En Côte d’Ivoire, des lanceurs d’alerte politisés

Profitant d’un internet bon marché et d’une caporalisation des médias publics par les gouvernants, les lanceurs d’alerte ont aujourd’hui un impact réel sur les populations en Côte d’Ivoire. Mais la plupart d’entre eux sont manipulés et leurs sources d’informations ne sont jamais indépendantes, encore moins leurs cibles jamais choisies au hasard.

Correspondance à Abidjan, Bati Abouè

En Côte d’Ivoire, les lanceurs d’alerte ne sont pas des informateurs neutres. Certains travaillent en effet directement pour le gouvernement et sont généralement des militants ou des sympathisants du Rassemblement des houphouëtistes pour la démocratie et la paix (RHDP), le parti au pouvoir. D’autres sont carrément fichés comme des activistes opposants reconnus dont les alertes visent à déstabiliser le président sortant et obtenir un changement de régime.

Cette situation a poussé le gouvernement ivoirien à durcir la répression des infractions commises sur internet. La loi sur la cybercriminalité vise particulièrement les escroqueries en ligne ainsi que les menaces d’attaques d’ampleur. Mais elle vise aussi toute déclaration à caractère insurrectionnel, ce qui a souvent servi de prétexte au gouvernement pour porter atteinte à la liberté d’expression dans le pays.

La traque des infractions en ligne

La création de la Plateforme de lutte contre la cybercriminalité (PLCC) permet en effet de traquer toutes sortes de trafics en ligne mais aussi les actes qui portent atteinte à la dignité d’une personne. A ce titre, elle reçoit de plus en plus de plaintes de citoyens anonymes ou des personnes publiques. L’une des dernières personnalités publiques à avoir eu recours à elle est le président du Congrès panafricain pour la justice et l’égalité des peuples (Cojep).

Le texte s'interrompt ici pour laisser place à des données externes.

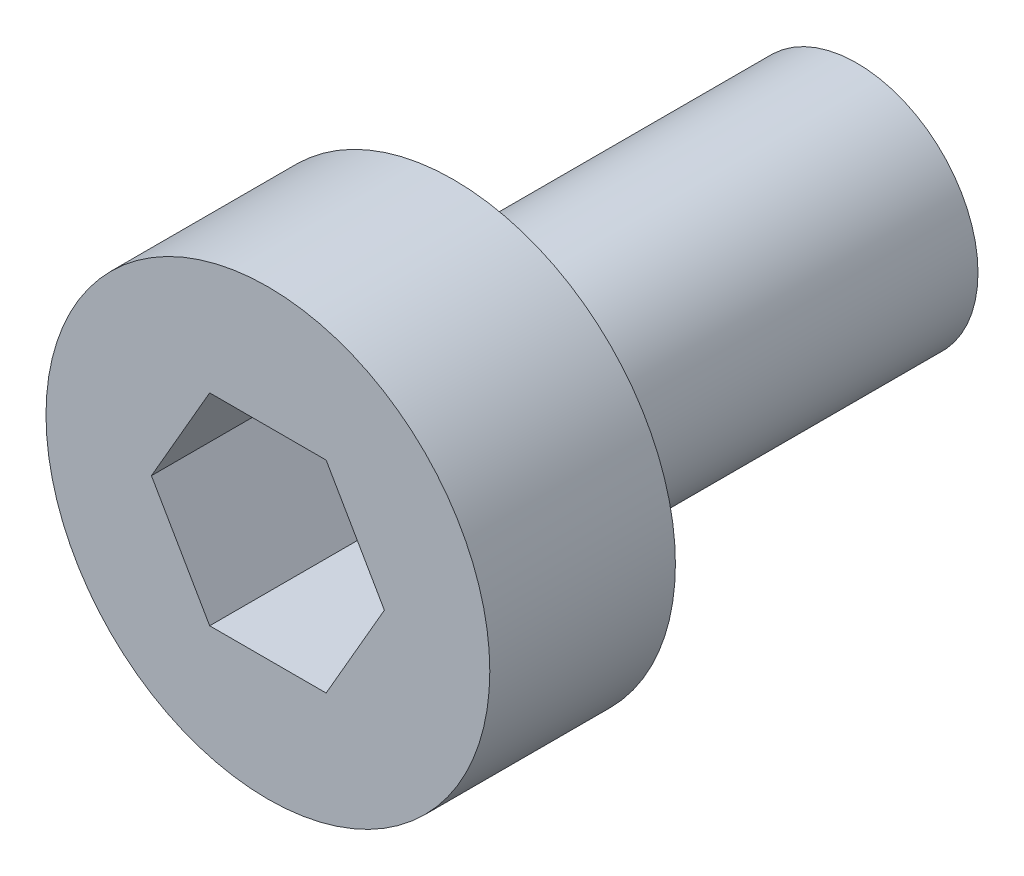
SolidWorks part; units mm, degrees
ref_plane "Plan de face" through (0, 0, 0) normal (0, 0, 1) x (1, 0, 0)
ref_plane "Plan de dessus" through (0, 0, 0) normal (0, 1, 0) x (1, 0, 0)
ref_plane "Plan de droite" through (0, 0, 0) normal (1, 0, 0) x (0, 0, -1)
sketch "Esquisse1" plane through (0, 0, 0) normal (0, 0, 1) x (1, 0, 0)
  circle A0 centre (0, 0) radius 1.5
  dimension "D1" = 3
extrude "Boss.-Extru.1" add sketch "Esquisse1" along normal blind 5
sketch "Esquisse2" plane through (0, 0, 5) normal (0, 0, 1) x (1, 0, 0)
  circle A0 centre (0, 0) radius 2.75
  dimension "D1" = 5.5
extrude "Boss.-Extru.2" add sketch "Esquisse2" along normal blind 2.3
sketch "Esquisse3" plane through (0, 0, 7.3) normal (0, 0, 1) x (1, 0, 0)
  line L1 (1.4434, 0) -> (0.7217, 1.25)
  line L2 (0.7217, 1.25) -> (-0.7217, 1.25)
  line L3 (-0.7217, 1.25) -> (-1.4434, 0)
  line L4 (-1.4434, 0) -> (-0.7217, -1.25)
  line L5 (-0.7217, -1.25) -> (0.7217, -1.25)
  line L6 (0.7217, -1.25) -> (1.4434, 0)
  circle A0 centre (0, 0) radius 1.25 construction
  dimension "D1" = 2.5
extrude "Enlèv. mat.-Extru.1" cut sketch "Esquisse3" against normal blind 2
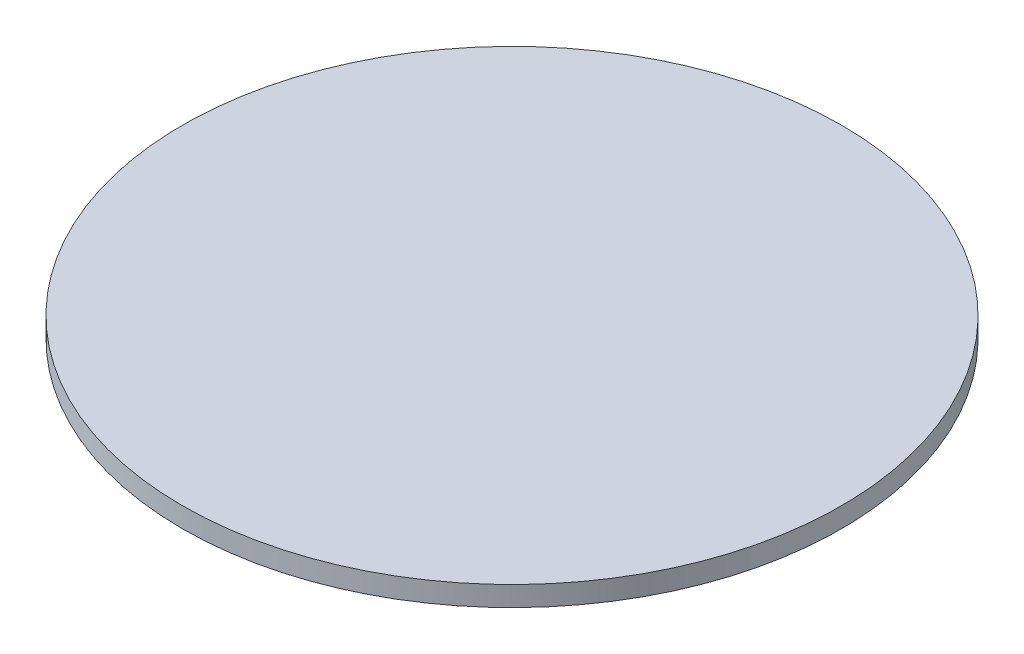
SolidWorks part; units mm, degrees
ref_plane "Front Plane" through (0, 0, 0) normal (0, 0, 1) x (1, 0, 0)
ref_plane "Top Plane" through (0, 0, 0) normal (0, 1, 0) x (1, 0, 0)
ref_plane "Right Plane" through (0, 0, 0) normal (1, 0, 0) x (0, 0, -1)
sketch "Sketch1" plane through (0, 0, 0) normal (0, 1, 0) x (1, 0, 0)
  circle A0 centre (0, 0) radius 41.8568
extrude "Boss-Extrude1" add sketch "Sketch1" along normal blind 2.54

Accusé d’avoir reçu de l’argent de la présidence ivoirienne, Blé Goudé a porté plainte contre l’auteur de la déclaration, Cissé Seint, un lanceur d’alerte plutôt proche de Guillaume Soro, l’ex-chef de la rébellion et ancien Premier ministre d’Alassane Ouattara.

Avant Blé Goudé, Simone Gbagbo, l’ex-épouse de Laurent Gbagbo et ancienne Première de dame de Côte d’Ivoire avait fini par avoir la peau de sa détractrice la plus acharnée, Arlette Zaté, une autre lanceuse d’alerte proche de Laurent Gbagbo grâce à cette plateforme. Cette dame d’une cinquantaine d’années passait son temps à l’injurier sur les réseaux sociaux. La PLCC a également réussi à mettre sous le verrou un autre lanceur d’alerte connu sous le nom de Peter 07, un ancien gendarme qui a déserté l’armée durant la crise postélectorale et dont le nom à l’état-civil est Pierre Assalé Niangoran.

Des activistes défendant des lignes politiques

Lui et d’autres auraient tenu des propos portant atteinte à la sûreté de l’Etat, a estimé le gouvernement en relisant ses différents propos tenus sur les réseaux sociaux. Mais l’Etat a également ses propres lanceurs d’alerte qui sont en réalité des activistes proches de son régime. Ces derniers cachent leurs positions politiques mais passent leur temps à afficher les réalisations du gouvernement et à faire de la propagande pour le régime, en comparant lesdites réalisations à celles existant en Europe. Parfois, ces activistes n’attendent pas la réalisation de l’ouvrage et postent les photos de chantier en cours de réalisation accompagnées de commentaires dithyrambiques.

Mais il y a aussi ceux qui ont un rôle de spadassin et dont le travail est de croiser le fer avec les acteurs de l’opposition. Le plus connu d’entre eux s’appelle Johnny Patecho, un ancien gendarme ivoirien qui cache son vrai nom Christ Koukougnon sous ce pseudonyme. Il s’est donné le droit de déconstruire les personnalités publiques sur les réseaux sociaux. En raison de ses succès, il a finalement été recruté par le régime. Depuis, il s’attaque désormais à Laurent Gbagbo, l’ex-président ivoirien dont il défendit autrefois le régime en tant que gendarme avant de retourner sa veste.

Johnny Patcheco a pour contrepoids Chris Yapi, un autre lanceur d’alerte perçu aujourd’hui comme un activiste proche de Guillaume Soro. Il signe toujours ces posts de la même façon « Chris Yapi ne ment pas » qui est la seule façon de donner du crédit à des informations pour la plupart invraisemblables.

Les lanceurs d’alerte servent aussi à casser les manifestations sociales qui sont défavorables au gouvernement. Pour ce faire, ils dépeignent les revendications des grévistes comme maximalistes ou comme celles de personnes manipulées par l’opposition.